甘やかして色々と足りない王女だから政略の駒として他国との縁談も調わない。調えられない。
国王もようやくそこに気づいてリチェ王女を叱りつけたけれど、国王の言葉を聞き入れない。結果がアビエイスとの婚約だというのに、それすら冤罪を被せてまで婚約破棄する。まぁ国王もいい加減に見限るわけだ。遅過ぎだが。
そして、事態はさらに転がる。
「リチェ王女殿下、さすがに陛下付きの執事の存在を無かったことにするのは、殿下と言えども不敬にあたるのでは」
リチェ王女の取り巻きらしき令嬢三人が、さすがに顔面蒼白でリチェ王女が、国王付き執事の存在を否定していることを窘めている。
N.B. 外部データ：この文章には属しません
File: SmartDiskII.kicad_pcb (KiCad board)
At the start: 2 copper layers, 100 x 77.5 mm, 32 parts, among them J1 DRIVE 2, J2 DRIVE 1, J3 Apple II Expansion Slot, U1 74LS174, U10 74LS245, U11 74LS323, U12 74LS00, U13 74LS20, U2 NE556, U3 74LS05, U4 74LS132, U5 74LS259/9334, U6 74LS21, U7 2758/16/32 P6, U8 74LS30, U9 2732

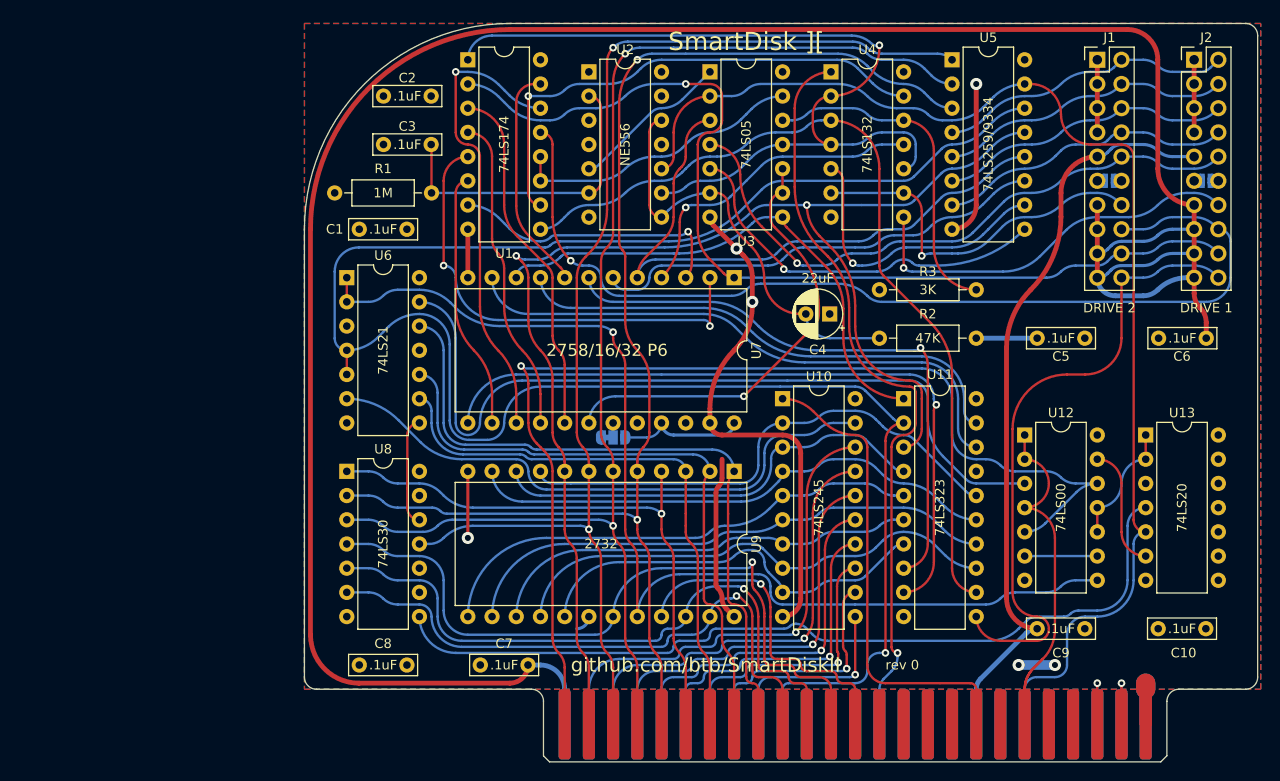
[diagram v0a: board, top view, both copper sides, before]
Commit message: new revision
only one drive connector, configurable with jumpers
optionally use 2764 EPROM
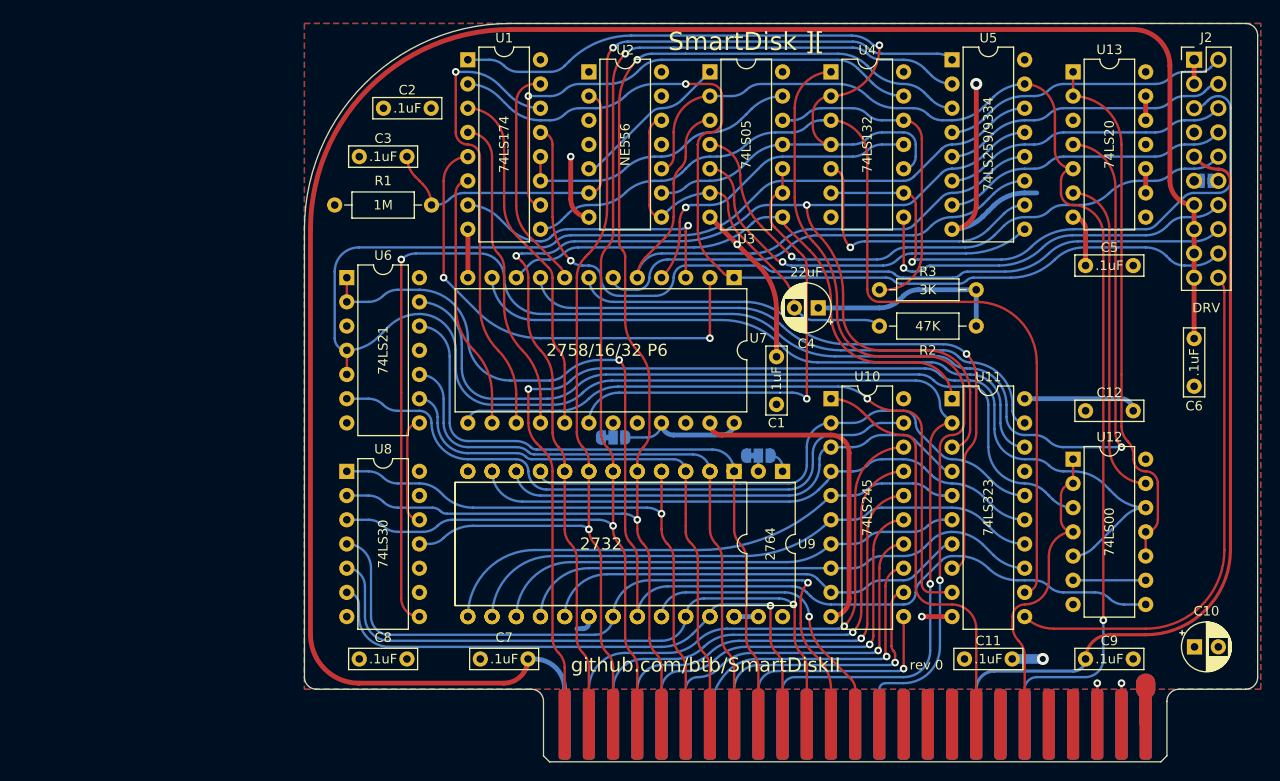
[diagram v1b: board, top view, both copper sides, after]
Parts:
- removed the J1 at (194.3, 67.3)
- removed JP2: 5V on Disk 2 Pin 12, Jumper:SolderJumper-2_P1.3mm_Open_RoundedPad1.0x1.5mm
- added ALTU9: 2764, Package_DIP:DIP-28_W15.24mm, F.Cu at (161.3, 110.5)
- added C11: .1uF, Capacitor_THT:C_Rect_L7.0mm_W2.0mm_P5.00mm, F.Cu at (185.4, 130.2)
- added C12: .1uF, Capacitor_THT:C_Rect_L7.0mm_W2.0mm_P5.00mm, F.Cu at (198.1, 104.1)
- added JP4: A12H/L, Jumper:SolderJumper-3_P1.3mm_Bridged12_RoundedPad1.0x1.5mm_NumberLabels, B.Cu at (158.8, 108.8)
- C10: value .1uF -> 22uF; footprint Capacitor_THT:C_Rect_L7.0mm_W2.0mm_P5.00mm -> Capacitor_THT:CP_Radial_D5.0mm_P2.50mm
- J2: value DRIVE 1 -> DRV
- moved C1 47.5 mm to (160.7, 103.5), turned to 90 degrees
- moved U13 38.9 mm to (191.8, 68.6)
- moved C5 12.6 mm to (198.1, 88.9), turned to 180 degrees
- moved R3 10.2 mm to (181.6, 91.4), turned to 180 degrees
- moved C9 5.99 mm to (193.1, 130.2)
- moved U12 5.68 mm to (191.8, 109.2)
- moved U10 5.08 mm to (166.4, 102.9)
- moved U11 5.08 mm to (179.1, 102.9)
- moved C10 4.26 mm to (204.5, 128.9)
- moved C3 2.84 mm to (121.9, 77.5)
- moved C4 1.36 mm to (165.0, 93.3)
- moved C6 1.27 mm to (204.5, 96.6), turned to -90 degrees
- moved C2 1.27 mm to (124.4, 72.4)
- moved R1 1.27 mm to (114.3, 82.5)
- moved R2 1.27 mm to (171.4, 95.2)
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- renumbered J3 to J1
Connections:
- net /SEL1 renamed /SEL
- J2 pad 5: GND -> /~{ENBL 2}
- J2 pad 7: GND -> unconnected-(J2-Pin_7-Pad7)
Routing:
- net /~{HISTROBE}: track 89.6 -> 157.9 mm, vias 0 -> 2
- net /ENCOMMON: track 12.9 -> 55.8 mm
- net +12V: track 252.2 -> 211.9 mm
- net /~{ENBL 2}: track 38.6 -> 64.5 mm
- net /CLRCOMMON: track 12.9 -> 34.5 mm
- net /RD DATA: track 104.4 -> 87.7 mm
- net +5V: track 45.4 -> 58.9 mm, vias 2 -> 1
- net /W PROT: track 66.3 -> 54.4 mm
- net Net-(U1-Cp): track 89.9 -> 100.0 mm
- net GND: track 103.9 -> 113.9 mm
- net /Q3: track 78.0 -> 86.7 mm
- net /~{ENROM}: track 115.7 -> 123.7 mm
- net /~{IOSTROBE}: track 39.5 -> 32.9 mm
- net /~{ENBUF}: track 60.9 -> 67.1 mm
- net /R/W: track 50.0 -> 44.1 mm
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
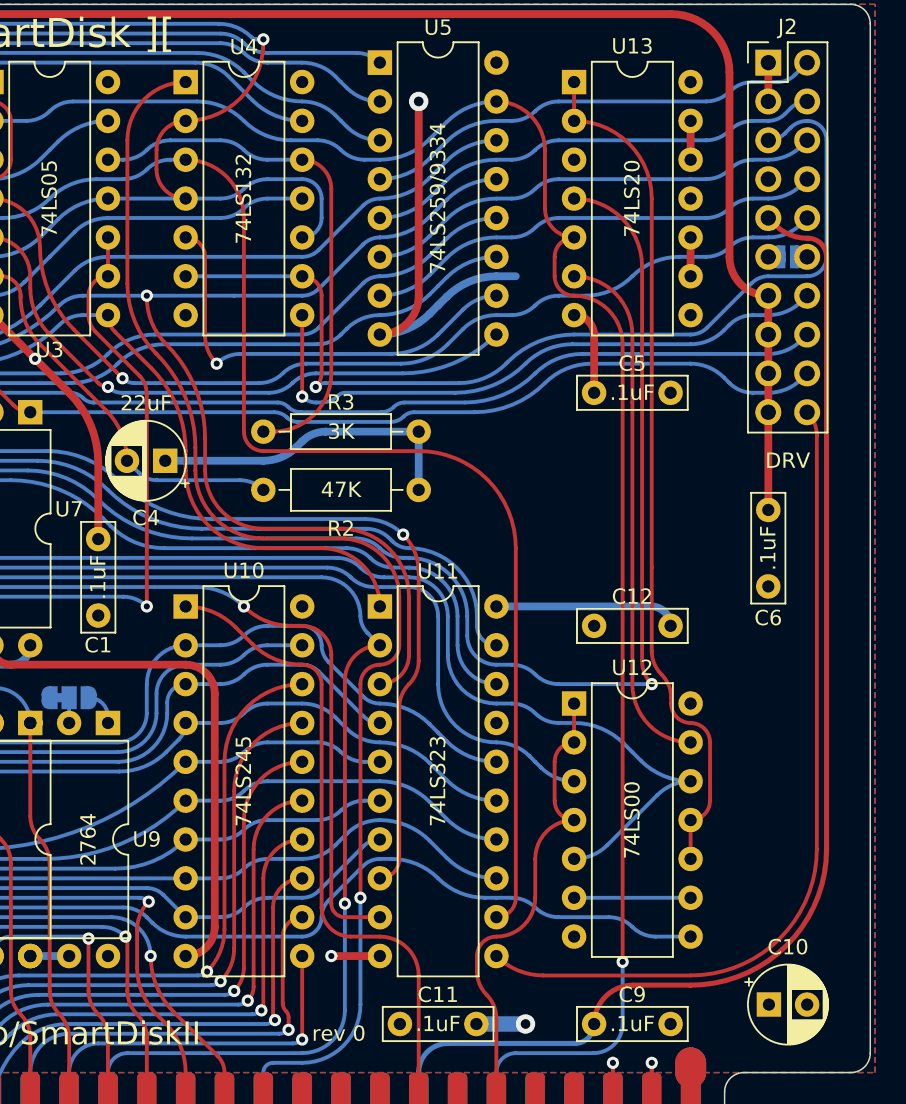
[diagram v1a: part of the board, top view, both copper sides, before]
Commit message: use liron pinout with jumpers for EN2
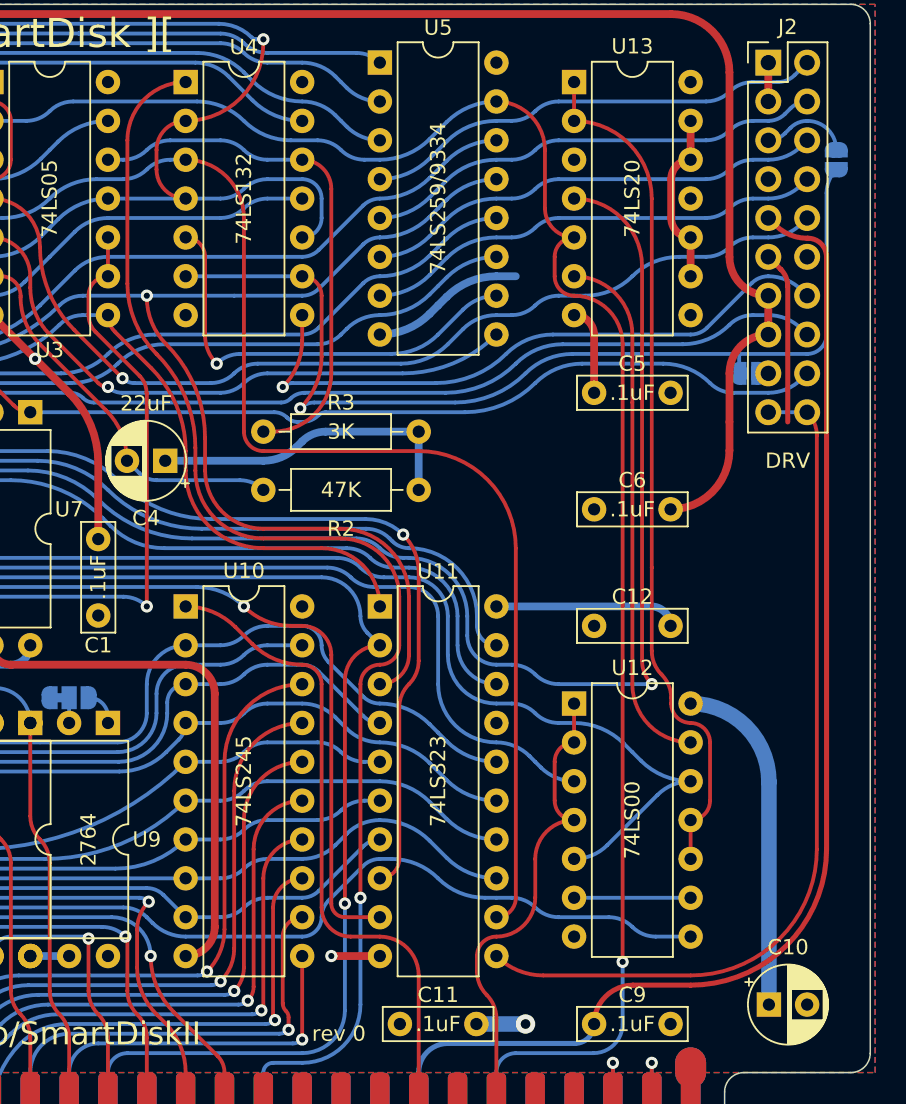
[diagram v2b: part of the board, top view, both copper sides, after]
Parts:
- added JP2: ~, Jumper:SolderJumper-2_P1.3mm_Open_RoundedPad1.0x1.5mm, B.Cu at (208.9, 73.7)
- JP1: value 5V on Disk 1 Pin 12 -> ~
- moved JP1 8.03 mm to (203.2, 87.6)
- moved C6 6.39 mm to (198.1, 96.5), turned to 180 degrees
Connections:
- J2 pad 17: +12V -> Net-(J2-Pin_17)
- J2 pad 19: +12V -> /W PROT
- J2 pad 5: /~{ENBL 2} -> Net-(J2-Pin_5)
- JP1 pad 1: +5V -> /~{ENBL 2}
- JP1 pad 2: /SEL -> Net-(J2-Pin_17)
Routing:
- net +5V: track 58.9 -> 92.6 mm
- net GND: track 113.9 -> 103.7 mm, vias 4 -> 3
- net Net-(J2-Pin_5): track 0.00 -> 5.83 mm
- net +12V: track 211.9 -> 215.3 mm
- net /W PROT: track 54.4 -> 56.9 mm
- net /~{ENBL 1}: track 40.3 -> 42.0 mm
- net /~{ENBL 2}: track 64.5 -> 65.5 mm

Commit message: update kicad files
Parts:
- added JP10: SolderJumper_2_Bridged, Jumper:SolderJumper-2_P1.3mm_Bridged_RoundedPad1.0x1.5mm, B.Cu at (112.4, 109.2)
- added JP11: SolderJumper_2_Bridged, Jumper:SolderJumper-2_P1.3mm_Bridged_RoundedPad1.0x1.5mm, B.Cu at (112.4, 101.6)
- added JP5: A13H/L, Connector_PinHeader_2.54mm:PinHeader_1x03_P2.54mm_Horizontal, F.Cu at (112.4, 118.1)
- added JP6: A14H/L, Connector_PinHeader_2.54mm:PinHeader_1x03_P2.54mm_Horizontal, F.Cu at (112.4, 110.5)
- added JP7: A15H/L, Connector_PinHeader_2.54mm:PinHeader_1x03_P2.54mm_Horizontal, F.Cu at (112.4, 102.9)
- added JP8: SolderJumper_2_Bridged, Jumper:SolderJumper-2_P1.3mm_Bridged_RoundedPad1.0x1.5mm, B.Cu at (112.4, 124.5)
- added JP9: SolderJumper_2_Bridged, Jumper:SolderJumper-2_P1.3mm_Bridged_RoundedPad1.0x1.5mm, B.Cu at (112.4, 116.8)
- added R4: 3K, Resistor_THT:R_Axial_DIN0207_L6.3mm_D2.5mm_P10.16mm_Horizontal, F.Cu at (198.1, 100.3)
- J2: footprint Connector_PinHeader_2.54mm:PinHeader_2x10_P2.54mm_Vertical -> MyConnector:PinHeader_2x10_P2.54mm_Vertical_Shrouded
- JP4: footprint Jumper:SolderJumper-3_P1.3mm_Bridged12_RoundedPad1.0x1.5mm_NumberLabels -> Connector_PinHeader_2.54mm:PinHeader_1x03_P2.54mm_Horizontal; moved to F.Cu
- moved JP4 49.3 mm to (112.4, 125.7), turned to 180 degrees
- moved JP3 3.43 mm to (143.5, 103.5), turned to 180 degrees
- moved C3 2.54 mm to (124.4, 77.5)
- moved J2 1.42 mm to (205.1, 68.6)
- moved JP2 0.90 mm to (209.6, 73.0)
- moved JP1 0.64 mm to (203.2, 88.3), turned to -90 degrees
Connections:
- net Net-(ALTU9-A12) renamed /FWA12
- ALTU9 pad 1: +5V -> /FWA15
- ALTU9 pad 26: +5V -> /FWA13
- ALTU9 pad 27: +5V -> /FWA14
- JP4 pad 1: GND -> +5V
- JP4 pad 3: +5V -> GND
- U9 pad 24: +5V -> /FWA13
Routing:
- net GND: track 103.7 -> 173.7 mm
- net /FWA15: track 0.00 -> 63.2 mm
- net /FWA12: track 1.65 -> 60.2 mm, vias 0 -> 1
- net /FWA14: track 0.00 -> 58.2 mm, vias 0 -> 1
- net /FWA13: track 0.00 -> 52.8 mm, vias 0 -> 1
- net Net-(U7-~{CE}): track 50.9 -> 78.2 mm, vias 1 -> 2
- net +5V: track 92.6 -> 114.6 mm
- net /~{IOSEL}: track 118.3 -> 126.3 mm
- net /IOSTROBE: track 84.4 -> 77.8 mm
- net /A4: track 61.4 -> 64.4 mm
- net Net-(J2-Pin_17): track 0.00 -> 1.91 mm
- net Net-(U11-SR): track 70.5 -> 72.3 mm
- net /R4: track 61.7 -> 59.9 mm
- net /R3: track 56.6 -> 54.8 mm
- net /R5: track 49.9 -> 48.3 mm
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
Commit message: rev2
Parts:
- removed JP10, JP11, JP8, JP9: SolderJumper_2_Bridged, Jumper:SolderJumper-2_P1.3mm_Bridged_RoundedPad1.0x1.5mm
- removed the JP4 at (112.4, 125.7)
- added C13: 100n, Capacitor_THT:C_Disc_D4.3mm_W1.9mm_P5.00mm, F.Cu at (193.0, 130.2)
- added C14: 100n, Capacitor_THT:C_Disc_D4.3mm_W1.9mm_P5.00mm, F.Cu at (205.7, 125.7)
- added JP3: ~, Jumper:SolderJumper-2_P1.3mm_Open_RoundedPad1.0x1.5mm, B.Cu at (206.4, 91.4)
- added R5: 10K, Resistor_THT:R_Axial_DIN0207_L6.3mm_D2.5mm_P10.16mm_Horizontal, F.Cu at (114.9, 90.2)
- added R6: 10K, Resistor_THT:R_Axial_DIN0207_L6.3mm_D2.5mm_P10.16mm_Horizontal, F.Cu at (114.9, 102.9)
- added R7: 10K, Resistor_THT:R_Axial_DIN0207_L6.3mm_D2.5mm_P10.16mm_Horizontal, F.Cu at (118.7, 102.9)
- added R8: 10K, Resistor_THT:R_Axial_DIN0207_L6.3mm_D2.5mm_P10.16mm_Horizontal, F.Cu at (118.7, 90.2)
- added SJP10: ~, Jumper:SolderJumper-2_P1.3mm_Bridged_RoundedPad1.0x1.5mm, F.Cu at (117.5, 118.1)
- added SJP8: ~, Jumper:SolderJumper-2_P1.3mm_Bridged_RoundedPad1.0x1.5mm, F.Cu at (117.5, 123.2)
- added SJP9: ~, Jumper:SolderJumper-2_P1.3mm_Bridged_RoundedPad1.0x1.5mm, F.Cu at (117.5, 120.7)
- ALTU10: renamed from ALTU9; value 2764 -> '64-'512
- C1: renamed from C4; value 22uF -> 22u
- C10: renamed from C2; value .1uF -> 100n; footprint Capacitor_THT:C_Rect_L7.0mm_W2.0mm_P5.00mm -> Capacitor_THT:C_Disc_D4.3mm_W1.9mm_P5.00mm
- C11, C12, C3, C5, C6, C7, C8, C9: value .1uF -> 100n; footprint Capacitor_THT:C_Rect_L7.0mm_W2.0mm_P5.00mm -> Capacitor_THT:C_Disc_D4.3mm_W1.9mm_P5.00mm
- C2: renamed from C10; value 22uF -> 22u
- C4: renamed from C1; value .1uF -> 100n; footprint Capacitor_THT:C_Rect_L7.0mm_W2.0mm_P5.00mm -> Capacitor_THT:C_Disc_D4.3mm_W1.9mm_P5.00mm
- JP5: value A13H/L -> ~; footprint Connector_PinHeader_2.54mm:PinHeader_1x03_P2.54mm_Horizontal -> Connector_PinHeader_2.54mm:PinHeader_1x02_P2.54mm_Vertical
- JP6: value A14H/L -> ~; footprint Connector_PinHeader_2.54mm:PinHeader_1x03_P2.54mm_Horizontal -> Connector_PinHeader_2.54mm:PinHeader_1x02_P2.54mm_Vertical
- JP7: value A15H/L -> ~; footprint Connector_PinHeader_2.54mm:PinHeader_1x03_P2.54mm_Horizontal -> Connector_PinHeader_2.54mm:PinHeader_1x02_P2.54mm_Vertical
- moved C8 91.9 mm to (198.7, 88.3), turned to 180 degrees
- moved C10 81.2 mm to (200.7, 100.3), turned to 0 degrees
- moved C12 73.8 mm to (129.5, 131.4)
- moved C11 70.4 mm to (115.0, 128.9), turned to 0 degrees
- moved C5 49.3 mm to (151.1, 73.7), turned to -90 degrees
- moved C4 46.9 mm to (117.5, 85.1), turned to 0 degrees
- moved C7 42.5 mm to (167.6, 103.5), turned to 90 degrees
- moved C9 38.7 mm to (193.7, 91.4)
- moved C6 31.0 mm to (177.2, 73.7), turned to -90 degrees
- moved JP7 16.5 mm to (118.8, 118.1), turned to -90 degrees
- moved JP6 12.0 mm to (118.8, 120.7), turned to -90 degrees
- moved U13 8.52 mm to (199.4, 105.4)
- moved JP5 8.14 mm to (118.8, 123.2), turned to -90 degrees
- moved ALTU10 7.62 mm to (168.9, 110.5)
- moved JP4 7.62 mm to (151.1, 103.5), turned to 0 degrees
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- renumbered JP2 to JP1, JP1 to JP2, JP3 to JP4, U9 to U10, U10 to U11, U11 to U12, U12 to U13, U13 to U6, U6 to U7, U7 to U8, U8 to U9
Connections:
- ALTU10 pad 1: /FWA15 -> Net-(ALTU10-A14)
- ALTU10 pad 2: /FWA12 -> GND
- ALTU10 pad 21: /A10 -> /FWA10
- ALTU10 pad 24: /A9 -> /FWA9
- ALTU10 pad 25: /A8 -> /FWA8
- ALTU10 pad 26: /FWA13 -> +5V
- ALTU10 pad 27: /FWA14 -> +5V
- C12 pad 1: +5V -> +12V
- C6 pad 1: +12V -> +5V
- C7 pad 1: +12V -> +5V
- C8 pad 1: +5V -> +12V
- C9 pad 1: -12V -> GND
- C9 pad 2: GND -> +5V
- J2 pad 19: /W PROT -> Net-(J2-Pin_19)
- JP5 pad 1: +5V -> /A8
- JP5 pad 2: /FWA13 -> /FWA8
- JP6 pad 1: +5V -> /A9
- JP6 pad 2: /FWA14 -> /FWA9
- JP7 pad 1: +5V -> /A10
- JP7 pad 2: /FWA15 -> /FWA10
- U10 pad 19: /A10 -> /FWA10
- U10 pad 22: /A9 -> /FWA9
- U10 pad 23: /A8 -> /FWA8
- U10 pad 24: /FWA13 -> +5V
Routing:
- net /FWA8: track 0.00 -> 75.4 mm
- net /FWA15: track 63.2 -> 0.00 mm
- net Net-(ALTU10-A14): track 0.00 -> 61.7 mm, vias 0 -> 1
- net +5V: track 114.6 -> 54.0 mm, vias 1 -> 0
- net /FWA12: track 60.2 -> 0.00 mm, vias 1 -> 0
- net /FWA14: track 58.2 -> 0.00 mm, vias 1 -> 0
- net /FWA9: track 0.00 -> 56.3 mm
- net /FWA13: track 52.8 -> 0.00 mm, vias 1 -> 0
- net /FWA10: track 0.00 -> 47.3 mm
- net /~{IOSTROBE}: track 32.9 -> 47.2 mm, vias 0 -> 1
- net Net-(U1-~{Mr}): track 92.2 -> 104.5 mm
- net /W PROT: track 56.6 -> 46.3 mm
- net Net-(U1-Q1): track 50.2 -> 58.9 mm
- net /Q3: track 86.7 -> 94.8 mm
- net Net-(U1-Q5): track 24.1 -> 32.0 mm
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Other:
- board text added: "J5,J6,J7 Closed - SmartPort J5,J6,J7 Open - Disk ]["
- board text added: "JLCJLCJLCJLC"

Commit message: All slot auto-switching rom
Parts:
- removed ALTU10: '64-'512, Package_DIP:DIP-28_W15.24mm
- removed JP7: ~, Connector_PinHeader_2.54mm:PinHeader_1x02_P2.54mm_Vertical
- removed R5, R6, R7, R8: 10K, Resistor_THT:R_Axial_DIN0207_L6.3mm_D2.5mm_P10.16mm_Horizontal
- removed SJP10, SJP8, SJP9: ~, Jumper:SolderJumper-2_P1.3mm_Bridged_RoundedPad1.0x1.5mm
- added JP8: ~, Connector_PinHeader_2.54mm:PinHeader_1x02_P2.54mm_Vertical, F.Cu at (116.2, 104.1)
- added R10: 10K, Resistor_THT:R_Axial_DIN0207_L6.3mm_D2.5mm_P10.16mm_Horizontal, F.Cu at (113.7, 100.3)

この取り巻きらしき令嬢たちはいつもリチェ王女と一緒に居て、アビエイスとの婚約に不満を漏らすリチェ王女を中途半端に宥めていたメンバーだ。
殆ど興味が無かったから、リチェ王女と三人の令嬢がどんな関係なのかサラッと千里眼で垣間見ただけで関係性を把握しているつもりだったのだが。
もしかしたら、身分差などを考慮しつつ出来る精一杯でリチェ王女を止めていた、のかもしれない。
兎に角窘められているのだから、リチェ王女はそれを受け入れておくべきなのに。
「大丈夫じゃっ。お父様は妾の言うことはなんでも聞いてくれるお優しい方だからっ!」
あーあ。暗黙の了解とはいえ、こんな公の場で、しかも王城で、国王がリチェ王女を甘やかしていることをリチェ王女が公言した。これは、国王、自分の立場が揺らぐ可能性も出て来たな。さて、どんな決着をつけるのかな。